Please transcribe exactly, and only, the lines of the data below between the line holding "F29_DEPTH = 1" and the line holding "9.375), (-1.5536078905, 9.2453733036))", inclusive.

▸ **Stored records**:

--- START ---

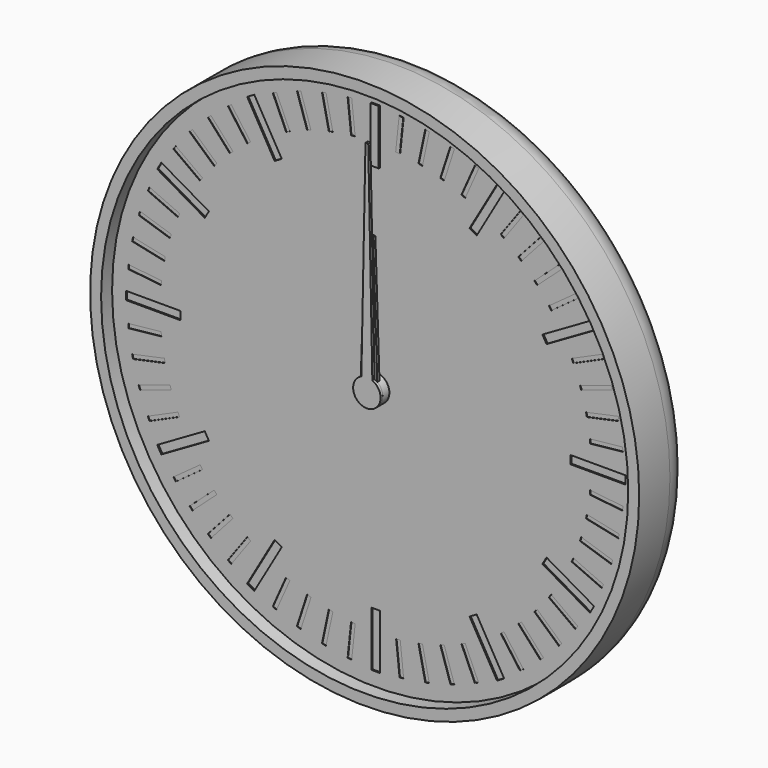
from build123d import *

# Parameters (mm, degrees)
F0_R      = 100
F1_DEPTH  = 24
F2_R      = 10
F3_T      = -4
F4_R      = 5
F4_R_2    = 3
F5_DEPTH  = 2
F6_DEPTH  = 19
F7_DEPTH  = 8
F9_DEPTH  = 4
F11_DEPTH = 4
F12_R     = 5
F12_R_2   = 3
F13_DEPTH = 2
F14_R     = 3
F15_DEPTH = 4
F17_DEPTH = 4
F18_R     = 3
F19_DEPTH = 2
F20_R     = 98
F20_R_2   = 5
F21_DEPTH = 1
F23_R     = 5
F23_R_2   = 3
F24_DEPTH = 2
F25_W     = 3
F25_H     = 20
F25_W_2   = 20
F25_H_2   = 3
F26_DEPTH = 0.5
F27_W     = 1.5
F27_H     = 12
F27_W_2   = 12
F27_H_2   = 1.5
F28_DEPTH = 0.2
F29_DEPTH = 1
F30_DEPTH = 0.4
F31_R     = 5
F31_R_2   = 3
F32_DEPTH = 5
F33_R     = 3
F34_DEPTH = 1
F36_DEPTH = 1


with BuildPart() as f1:
    # F0 (on Front) → F1 (new body)
    with BuildSketch(Plane.XZ):
        Circle(F0_R)
    extrude(amount=F1_DEPTH)

    # F2
    f2_edges = [f1.edges().sort_by_distance(p)[0] for p in [
        (-100, 0, 0),
    ]]
    fillet(f2_edges, radius=F2_R)

    # F3
    f3_openings = [f1.faces().sort_by_distance(p)[0] for p in [
        (0, -24, 0),
    ]]
    offset(amount=F3_T, openings=f3_openings)

    # F4 (on face) → F5 (join)
    with BuildSketch(Plane.XZ.offset(4)):
        Circle(F4_R)
        Circle(F4_R_2, mode=Mode.SUBTRACT)
        with Locations((40, 0)):
            Circle(F4_R)
        with Locations((40, 0)):
            Circle(F4_R_2, mode=Mode.SUBTRACT)
    extrude(amount=F5_DEPTH)


with BuildPart() as f6:
    # F6 (new): a face of the model
    f6_faces = [f1.part.faces().sort_by_distance(p)[0] for p in [
        (0, -4, 0),
    ]]
    extrude(f6_faces, amount=F6_DEPTH)

    # F8 (on face) → F9 (join)
    with BuildSketch(Plane.XZ.offset(6)):
        with BuildLine():
            ThreePointArc((9.2729637667, -1.3794085621), (9.3494561423, -0.6915886375), (9.375, 0))
            ThreePointArc((9.375, 0), (9.3494561423, 0.6915886375), (9.2729637667, 1.3794085621))
            ThreePointArc((9.2729637667, 1.3794085621), (8.9161548403, 2.8970343223), (8.3127812852, 4.3345463782))
            ThreePointArc((8.3127812852, 4.3345463782), (7.5845343223, 5.5104867402), (6.6911892658, 6.566476316))
            ThreePointArc((6.6911892658, 6.566476316), (5.5104867402, 7.5845343223), (4.1773988938, 8.3928519278))
            ThreePointArc((4.1773988938, 8.3928519278), (2.8970343223, 8.9161548403), (1.5536078905, 9.2453733036))
            ThreePointArc((1.5536078905, 9.2453733036), (0, 9.375), (-1.5536078905, 9.2453733036))
            ThreePointArc((-1.5536078905, 9.2453733036), (-2.8970343223, 8.9161548403), (-4.1773988938, 8.3928519278))
            ThreePointArc((-4.1773988938, 8.3928519278), (-5.5104867402, 7.5845343223), (-6.6911892658, 6.566476316))
            ThreePointArc((-6.6911892658, 6.566476316), (-7.5845343223, 5.5104867402), (-8.3127812852, 4.3345463782))
            ThreePointArc((-8.3127812852, 4.3345463782), (-8.9161548403, 2.8970343223), (-9.2729637667, 1.3794085621))
            ThreePointArc((-9.2729637667, 1.3794085621), (-9.375, 0), (-9.2729637667, -1.3794085621))
            ThreePointArc((-9.2729637667, -1.3794085621), (-8.9161548403, -2.8970343223), (-8.3127812852, -4.3345463782))
            ThreePointArc((-8.3127812852, -4.3345463782), (-7.5845343223, -5.5104867402), (-6.6911892658, -6.566476316))
            ThreePointArc((-6.6911892658, -6.566476316), (-5.5104867402, -7.5845343223), (-4.1773988938, -8.3928519278))
            ThreePointArc((-4.1773988938, -8.3928519278), (-2.8970343223, -8.9161548403), (-1.5536078905, -9.2453733036))
            ThreePointArc((-1.5536078905, -9.2453733036), (0, -9.375), (1.5536078905, -9.2453733036))
            ThreePointArc((1.5536078905, -9.2453733036), (2.8970343223, -8.9161548403), (4.1773988938, -8.3928519278))
            ThreePointArc((4.1773988938, -8.3928519278), (5.5104867402, -7.5845343223), (6.6911892658, -6.566476316))
            ThreePointArc((6.6911892658, -6.566476316), (7.5845343223, -5.5104867402), (8.3127812852, -4.3345463782))
            ThreePointArc((8.3127812852, -4.3345463782), (8.9161548403, -2.8970343223), (9.2729637667, -1.3794085621))
        make_face()
        with BuildLine():
            ThreePointArc((8.3127812852, 4.3345463782), (8.9161548403, 2.8970343223), (9.2729637667, 1.3794085621))
            Line((9.2729637667, 1.3794085621), (11.1823199426, 2.3946312492))
            Line((11.1823199426, 2.3946312492), (10.8182678729, 3.515068311))
            Line((10.8182678729, 3.515068311), (10.4542158031, 4.6355053728))
            Line((10.4542158031, 4.6355053728), (8.3127812852, 4.3345463782))
        make_face()
        with BuildLine():
            Line((11.1823199426, -2.3946312492), (9.2729637667, -1.3794085621))
            ThreePointArc((9.2729637667, -1.3794085621), (8.9161548403, -2.8970343223), (8.3127812852, -4.3345463782))
            Line((8.3127812852, -4.3345463782), (10.4542158031, -4.6355053728))
            Line((10.4542158031, -4.6355053728), (10.8182678729, -3.515068311))
            Line((10.8182678729, -3.515068311), (11.1823199426, -2.3946312492))
        make_face()
        with BuildLine():
            ThreePointArc((4.1773988938, 8.3928519278), (5.5104867402, 7.5845343223), (6.6911892658, 6.566476316))
            Line((6.6911892658, 6.566476316), (7.6391579371, 8.5101001246))
            Line((7.6391579371, 8.5101001246), (6.6860572448, 9.202568311))
            Line((6.6860572448, 9.202568311), (5.7329565525, 9.8950364974))
            Line((5.7329565525, 9.8950364974), (4.1773988938, 8.3928519278))
        make_face()
        with BuildLine():
            Line((7.6391579371, -8.5101001246), (6.6911892658, -6.566476316))
            ThreePointArc((6.6911892658, -6.566476316), (5.5104867402, -7.5845343223), (4.1773988938, -8.3928519278))
            Line((4.1773988938, -8.3928519278), (5.7329565525, -9.8950364974))
            Line((5.7329565525, -9.8950364974), (6.6860572448, -9.202568311))
            Line((6.6860572448, -9.202568311), (7.6391579371, -8.5101001246))
        make_face()
        with BuildLine():
            ThreePointArc((-1.5536078905, 9.2453733036), (0, 9.375), (1.5536078905, 9.2453733036))
            Line((1.5536078905, 9.2453733036), (1.1780972451, 11.375))
            Line((1.1780972451, 11.375), (0, 11.375))
            Line((0, 11.375), (-1.1780972451, 11.375))
            Line((-1.1780972451, 11.375), (-1.5536078905, 9.2453733036))
        make_face()
        with BuildLine():
            Line((1.1780972451, -11.375), (1.5536078905, -9.2453733036))
            ThreePointArc((1.5536078905, -9.2453733036), (0, -9.375), (-1.5536078905, -9.2453733036))
            Line((-1.5536078905, -9.2453733036), (-1.1780972451, -11.375))
            Line((-1.1780972451, -11.375), (0, -11.375))
            Line((0, -11.375), (1.1780972451, -11.375))
        make_face()
        with BuildLine():
            ThreePointArc((-6.6911892658, 6.566476316), (-5.5104867402, 7.5845343223), (-4.1773988938, 8.3928519278))
            Line((-4.1773988938, 8.3928519278), (-5.7329565525, 9.8950364974))
            Line((-5.7329565525, 9.8950364974), (-6.6860572448, 9.202568311))
            Line((-6.6860572448, 9.202568311), (-7.6391579371, 8.5101001246))
            Line((-7.6391579371, 8.5101001246), (-6.6911892658, 6.566476316))
        make_face()
        with BuildLine():
            Line((-5.7329565525, -9.8950364974), (-4.1773988938, -8.3928519278))
            ThreePointArc((-4.1773988938, -8.3928519278), (-5.5104867402, -7.5845343223), (-6.6911892658, -6.566476316))
            Line((-6.6911892658, -6.566476316), (-7.6391579371, -8.5101001246))
            Line((-7.6391579371, -8.5101001246), (-6.6860572448, -9.202568311))
            Line((-6.6860572448, -9.202568311), (-5.7329565525, -9.8950364974))
        make_face()
        with BuildLine():
            ThreePointArc((-9.2729637667, 1.3794085621), (-8.9161548403, 2.8970343223), (-8.3127812852, 4.3345463782))
            Line((-8.3127812852, 4.3345463782), (-10.4542158031, 4.6355053728))
            Line((-10.4542158031, 4.6355053728), (-10.8182678729, 3.515068311))
            Line((-10.8182678729, 3.515068311), (-11.1823199426, 2.3946312492))
            Line((-11.1823199426, 2.3946312492), (-9.2729637667, 1.3794085621))
        make_face()
        with BuildLine():
            Line((-10.4542158031, -4.6355053728), (-8.3127812852, -4.3345463782))
            ThreePointArc((-8.3127812852, -4.3345463782), (-8.9161548403, -2.8970343223), (-9.2729637667, -1.3794085621))
            Line((-9.2729637667, -1.3794085621), (-11.1823199426, -2.3946312492))
            Line((-11.1823199426, -2.3946312492), (-10.8182678729, -3.515068311))
            Line((-10.8182678729, -3.515068311), (-10.4542158031, -4.6355053728))
        make_face()
    extrude(amount=F9_DEPTH)

    # F35 (on face) → F36 (join)
    with BuildSketch(Plane.XZ.offset(23)):
        with BuildLine():
            ThreePointArc((-2, 4.582575695), (-2.7386127875, -4.1833001327), (5, 0))
            ThreePointArc((5, 0), (4.1833001327, 2.7386127875), (2, 4.582575695))
            ThreePointArc((2, 4.582575695), (0, 5), (-2, 4.582575695))
        make_face()
        with BuildLine():
            ThreePointArc((-2, 4.582575695), (0, 5), (2, 4.582575695))
            Line((2, 4.582575695), (0.5, 80))
            Line((0.5, 80), (0, 80))
            Line((0, 80), (-0.5, 80))
            Line((-0.5, 80), (-2, 4.582575695))
        make_face()
    extrude(amount=-F36_DEPTH)


with BuildPart() as f7:
    # F7 (new): a face of the model
    f7_faces = [f1.part.faces().sort_by_distance(p)[0] for p in [
        (40, -4, 0),
    ]]
    extrude(f7_faces, amount=F7_DEPTH)

    # F10 (on face) → F11 (join)
    with BuildSketch(Plane.XZ.offset(6)):
        with BuildLine():
            ThreePointArc((68.0833122289, -1.5307512065), (68.1145761255, -0.765659377), (68.125, 0))
            ThreePointArc((68.125, 0), (68.1145761255, 0.765659377), (68.0833122289, 1.5307512065))
            ThreePointArc((68.0833122289, 1.5307512065), (67.9709283072, 2.9398630294), (67.7878855489, 4.3415483093))
            ThreePointArc((67.7878855489, 4.3415483093), (67.5104012706, 5.8475163042), (67.1513634058, 7.3361495492))
            ThreePointArc((67.1513634058, 7.3361495492), (66.7484645208, 8.6911029668), (66.2779949294, 10.0241013309))
            ThreePointArc((66.2779949294, 10.0241013309), (65.6934659962, 11.4394680865), (65.0327697151, 12.8209229539))
            ThreePointArc((65.0327697151, 12.8209229539), (64.3569644814, 14.0625), (63.6196298356, 15.2685530234))
            ThreePointArc((63.6196298356, 15.2685530234), (62.7536029668, 16.5314602207), (61.8201238674, 17.7453605039))
            ThreePointArc((61.8201238674, 17.7453605039), (60.9009482166, 18.8192983038), (59.9289735785, 19.8456956821))
            ThreePointArc((59.9289735785, 19.8456956821), (58.8192983038, 20.9009482166), (57.6538339021, 21.8942406481))
            ThreePointArc((57.6538339021, 21.8942406481), (56.5314602207, 22.7536029668), (55.3673255461, 23.5554862093))
            ThreePointArc((55.3673255461, 23.5554862093), (54.0625, 24.3569644814), (52.7159866827, 25.0862374159))
            ThreePointArc((52.7159866827, 25.0862374159), (51.4394680865, 25.6934659962), (50.1340516468, 26.2357889574))
            ThreePointArc((50.1340516468, 26.2357889574), (48.6911029668, 26.7484645208), (47.2223898273, 27.1818452314))
            ThreePointArc((47.2223898273, 27.1818452314), (45.8475163042, 27.5104012706), (44.457871062, 27.7694618348))
            ThreePointArc((44.457871062, 27.7694618348), (42.9398630294, 27.9709283072), (41.4131398795, 28.0894759773))
            ThreePointArc((41.4131398795, 28.0894759773), (40, 28.125), (38.5868601205, 28.0894759773))
            ThreePointArc((38.5868601205, 28.0894759773), (37.0601369706, 27.9709283072), (35.542128938, 27.7694618348))
            ThreePointArc((35.542128938, 27.7694618348), (34.1524836958, 27.5104012706), (32.7776101727, 27.1818452314))
            ThreePointArc((32.7776101727, 27.1818452314), (31.3088970332, 26.7484645208), (29.8659483532, 26.2357889574))
            ThreePointArc((29.8659483532, 26.2357889574), (28.5605319135, 25.6934659962), (27.2840133173, 25.0862374159))
            ThreePointArc((27.2840133173, 25.0862374159), (25.9375, 24.3569644814), (24.6326744539, 23.5554862093))
            ThreePointArc((24.6326744539, 23.5554862093), (23.4685397793, 22.7536029668), (22.3461660979, 21.8942406481))
            ThreePointArc((22.3461660979, 21.8942406481), (21.1807016962, 20.9009482166), (20.0710264215, 19.8456956821))
            ThreePointArc((20.0710264215, 19.8456956821), (19.0990517834, 18.8192983038), (18.1798761326, 17.7453605039))
            ThreePointArc((18.1798761326, 17.7453605039), (17.2463970332, 16.5314602207), (16.3803701644, 15.2685530234))
            ThreePointArc((16.3803701644, 15.2685530234), (15.6430355186, 14.0625), (14.9672302849, 12.8209229539))
            ThreePointArc((14.9672302849, 12.8209229539), (14.3065340038, 11.4394680865), (13.7220050706, 10.0241013309))
            ThreePointArc((13.7220050706, 10.0241013309), (13.2515354792, 8.6911029668), (12.8486365942, 7.3361495492))
            ThreePointArc((12.8486365942, 7.3361495492), (12.4895987294, 5.8475163042), (12.2121144511, 4.3415483093))
            ThreePointArc((12.2121144511, 4.3415483093), (12.0290716928, 2.9398630294), (11.9166877711, 1.5307512065))
            ThreePointArc((11.9166877711, 1.5307512065), (11.875, 0), (11.9166877711, -1.5307512065))
            ThreePointArc((11.9166877711, -1.5307512065), (12.0290716928, -2.9398630294), (12.2121144511, -4.3415483093))
            ThreePointArc((12.2121144511, -4.3415483093), (12.4895987294, -5.8475163042), (12.8486365942, -7.3361495492))
            ThreePointArc((12.8486365942, -7.3361495492), (13.2515354792, -8.6911029668), (13.7220050706, -10.0241013309))
            ThreePointArc((13.7220050706, -10.0241013309), (14.3065340038, -11.4394680865), (14.9672302849, -12.8209229539))
            ThreePointArc((14.9672302849, -12.8209229539), (15.6430355186, -14.0625), (16.3803701644, -15.2685530234))
            ThreePointArc((16.3803701644, -15.2685530234), (17.2463970332, -16.5314602207), (18.1798761326, -17.7453605039))
            ThreePointArc((18.1798761326, -17.7453605039), (19.0990517834, -18.8192983038), (20.0710264215, -19.8456956821))
            ThreePointArc((20.0710264215, -19.8456956821), (21.1807016962, -20.9009482166), (22.3461660979, -21.8942406481))
            ThreePointArc((22.3461660979, -21.8942406481), (23.4685397793, -22.7536029668), (24.6326744539, -23.5554862093))
            ThreePointArc((24.6326744539, -23.5554862093), (25.9375, -24.3569644814), (27.2840133173, -25.0862374159))
            ThreePointArc((27.2840133173, -25.0862374159), (28.5605319135, -25.6934659962), (29.8659483532, -26.2357889574))
            ThreePointArc((29.8659483532, -26.2357889574), (31.3088970332, -26.7484645208), (32.7776101727, -27.1818452314))
            ThreePointArc((32.7776101727, -27.1818452314), (34.1524836958, -27.5104012706), (35.542128938, -27.7694618348))
            ThreePointArc((35.542128938, -27.7694618348), (37.0601369706, -27.9709283072), (38.5868601205, -28.0894759773))
            ThreePointArc((38.5868601205, -28.0894759773), (40, -28.125), (41.4131398795, -28.0894759773))
            ThreePointArc((41.4131398795, -28.0894759773), (42.9398630294, -27.9709283072), (44.457871062, -27.7694618348))
            ThreePointArc((44.457871062, -27.7694618348), (45.8475163042, -27.5104012706), (47.2223898273, -27.1818452314))
            ThreePointArc((47.2223898273, -27.1818452314), (48.6911029668, -26.7484645208), (50.1340516468, -26.2357889574))
            ThreePointArc((50.1340516468, -26.2357889574), (51.4394680865, -25.6934659962), (52.7159866827, -25.0862374159))
            ThreePointArc((52.7159866827, -25.0862374159), (54.0625, -24.3569644814), (55.3673255461, -23.5554862093))
            ThreePointArc((55.3673255461, -23.5554862093), (56.5314602207, -22.7536029668), (57.6538339021, -21.8942406481))
            ThreePointArc((57.6538339021, -21.8942406481), (58.8192983038, -20.9009482166), (59.9289735785, -19.8456956821))
            ThreePointArc((59.9289735785, -19.8456956821), (60.9009482166, -18.8192983038), (61.8201238674, -17.7453605039))
            ThreePointArc((61.8201238674, -17.7453605039), (62.7536029668, -16.5314602207), (63.6196298356, -15.2685530234))
            ThreePointArc((63.6196298356, -15.2685530234), (64.3569644814, -14.0625), (65.0327697151, -12.8209229539))
            ThreePointArc((65.0327697151, -12.8209229539), (65.6934659962, -11.4394680865), (66.2779949294, -10.0241013309))
            ThreePointArc((66.2779949294, -10.0241013309), (66.7484645208, -8.6911029668), (67.1513634058, -7.3361495492))
            ThreePointArc((67.1513634058, -7.3361495492), (67.5104012706, -5.8475163042), (67.7878855489, -4.3415483093))
            ThreePointArc((67.7878855489, -4.3415483093), (67.9709283072, -2.9398630294), (68.0833122289, -1.5307512065))
        make_face()
        with BuildLine():
            ThreePointArc((68.0833122289, 1.5307512065), (68.1145761255, 0.765659377), (68.125, 0))
            ThreePointArc((68.125, 0), (68.1145761255, -0.765659377), (68.0833122289, -1.5307512065))
            Line((68.0833122289, -1.5307512065), (70.0833122289, -1.1780972451))
            Line((70.0833122289, -1.1780972451), (70.0833122289, 0))
            Line((70.0833122289, 0), (70.0833122289, 1.1780972451))
            Line((70.0833122289, 1.1780972451), (68.0833122289, 1.5307512065))
        make_face()
        with BuildLine():
            ThreePointArc((67.1513634058, 7.3361495492), (67.5104012706, 5.8475163042), (67.7878855489, 4.3415483093))
            Line((67.7878855489, 4.3415483093), (69.670859869, 5.1023193172))
            Line((69.670859869, 5.1023193172), (69.4259196788, 6.2546723109))
            Line((69.4259196788, 6.2546723109), (69.1809794886, 7.4070253046))
            Line((69.1809794886, 7.4070253046), (67.1513634058, 7.3361495492))
        make_face()
        with BuildLine():
            Line((69.670859869, -5.1023193172), (67.7878855489, -4.3415483093))
            ThreePointArc((67.7878855489, -4.3415483093), (67.5104012706, -5.8475163042), (67.1513634058, -7.3361495492))
            Line((67.1513634058, -7.3361495492), (69.1809794886, -7.4070253046))
            Line((69.1809794886, -7.4070253046), (69.4259196788, -6.2546723109))
            Line((69.4259196788, -6.2546723109), (69.670859869, -5.1023193172))
        make_face()
        with BuildLine():
            ThreePointArc((65.0327697151, 12.8209229539), (65.6934659962, 11.4394680865), (66.2779949294, 10.0241013309))
            Line((66.2779949294, 10.0241013309), (67.9616485562, 11.1597400416))
            Line((67.9616485562, 11.1597400416), (67.4824732375, 12.2359854286))
            Line((67.4824732375, 12.2359854286), (67.0032979188, 13.3122308155))
            Line((67.0032979188, 13.3122308155), (65.0327697151, 12.8209229539))
        make_face()
        with BuildLine():
            Line((67.9616485562, -11.1597400416), (66.2779949294, -10.0241013309))
            ThreePointArc((66.2779949294, -10.0241013309), (65.6934659962, -11.4394680865), (65.0327697151, -12.8209229539))
            Line((65.0327697151, -12.8209229539), (67.0032979188, -13.3122308155))
            Line((67.0032979188, -13.3122308155), (67.4824732375, -12.2359854286))
            Line((67.4824732375, -12.2359854286), (67.9616485562, -11.1597400416))
        make_face()
        with BuildLine():
            ThreePointArc((61.8201238674, 17.7453605039), (62.7536029668, 16.5314602207), (63.6196298356, 15.2685530234))
            Line((63.6196298356, 15.2685530234), (65.0303790267, 16.7294265759))
            Line((65.0303790267, 16.7294265759), (64.3379108402, 17.6825272682))
            Line((64.3379108402, 17.6825272682), (63.6454426538, 18.6356279605))
            Line((63.6454426538, 18.6356279605), (61.8201238674, 17.7453605039))
        make_face()
        with BuildLine():
            Line((65.0303790267, -16.7294265759), (63.6196298356, -15.2685530234))
            ThreePointArc((63.6196298356, -15.2685530234), (62.7536029668, -16.5314602207), (61.8201238674, -17.7453605039))
            Line((61.8201238674, -17.7453605039), (63.6454426538, -18.6356279605))
            Line((63.6454426538, -18.6356279605), (64.3379108402, -17.6825272682))
            Line((64.3379108402, -17.6825272682), (65.0303790267, -16.7294265759))
        make_face()
        with BuildLine():
            ThreePointArc((57.6538339021, 21.8942406481), (58.8192983038, 20.9009482166), (59.9289735785, 19.8456956821))
            Line((59.9289735785, 19.8456956821), (61.0051618246, 21.5679568921))
            Line((61.0051618246, 21.5679568921), (60.129664953, 22.3562578161))
            Line((60.129664953, 22.3562578161), (59.2541680814, 23.1445587401))
            Line((59.2541680814, 23.1445587401), (57.6538339021, 21.8942406481))
        make_face()
        with BuildLine():
            Line((61.0051618246, -21.5679568921), (59.9289735785, -19.8456956821))
            ThreePointArc((59.9289735785, -19.8456956821), (58.8192983038, -20.9009482166), (57.6538339021, -21.8942406481))
            Line((57.6538339021, -21.8942406481), (59.2541680814, -23.1445587401))
            Line((59.2541680814, -23.1445587401), (60.129664953, -22.3562578161))
            Line((60.129664953, -22.3562578161), (61.0051618246, -21.5679568921))
        make_face()
        with BuildLine():
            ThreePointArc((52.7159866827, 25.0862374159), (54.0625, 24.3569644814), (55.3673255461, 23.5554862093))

--- END ---

▸ **SOLUTION TO THIS TASK**:
F29_DEPTH = 1
F30_DEPTH = 0.4
F31_R     = 5
F31_R_2   = 3
F32_DEPTH = 5
F33_R     = 3
F34_DEPTH = 1
F36_DEPTH = 1


with BuildPart() as f1:
    # F0 (on Front) → F1 (new body)
    with BuildSketch(Plane.XZ):
        Circle(F0_R)
    extrude(amount=F1_DEPTH)

    # F2
    f2_edges = [f1.edges().sort_by_distance(p)[0] for p in [
        (-100, 0, 0),
    ]]
    fillet(f2_edges, radius=F2_R)

    # F3
    f3_openings = [f1.faces().sort_by_distance(p)[0] for p in [
        (0, -24, 0),
    ]]
    offset(amount=F3_T, openings=f3_openings)

    # F4 (on face) → F5 (join)
    with BuildSketch(Plane.XZ.offset(4)):
        Circle(F4_R)
        Circle(F4_R_2, mode=Mode.SUBTRACT)
        with Locations((40, 0)):
            Circle(F4_R)
        with Locations((40, 0)):
            Circle(F4_R_2, mode=Mode.SUBTRACT)
    extrude(amount=F5_DEPTH)


with BuildPart() as f6:
    # F6 (new): a face of the model
    f6_faces = [f1.part.faces().sort_by_distance(p)[0] for p in [
        (0, -4, 0),
    ]]
    extrude(f6_faces, amount=F6_DEPTH)

    # F8 (on face) → F9 (join)
    with BuildSketch(Plane.XZ.offset(6)):
        with BuildLine():
            ThreePointArc((9.2729637667, -1.3794085621), (9.3494561423, -0.6915886375), (9.375, 0))
            ThreePointArc((9.375, 0), (9.3494561423, 0.6915886375), (9.2729637667, 1.3794085621))
            ThreePointArc((9.2729637667, 1.3794085621), (8.9161548403, 2.8970343223), (8.3127812852, 4.3345463782))
            ThreePointArc((8.3127812852, 4.3345463782), (7.5845343223, 5.5104867402), (6.6911892658, 6.566476316))
            ThreePointArc((6.6911892658, 6.566476316), (5.5104867402, 7.5845343223), (4.1773988938, 8.3928519278))
            ThreePointArc((4.1773988938, 8.3928519278), (2.8970343223, 8.9161548403), (1.5536078905, 9.2453733036))
            ThreePointArc((1.5536078905, 9.2453733036), (0, 9.375), (-1.5536078905, 9.2453733036))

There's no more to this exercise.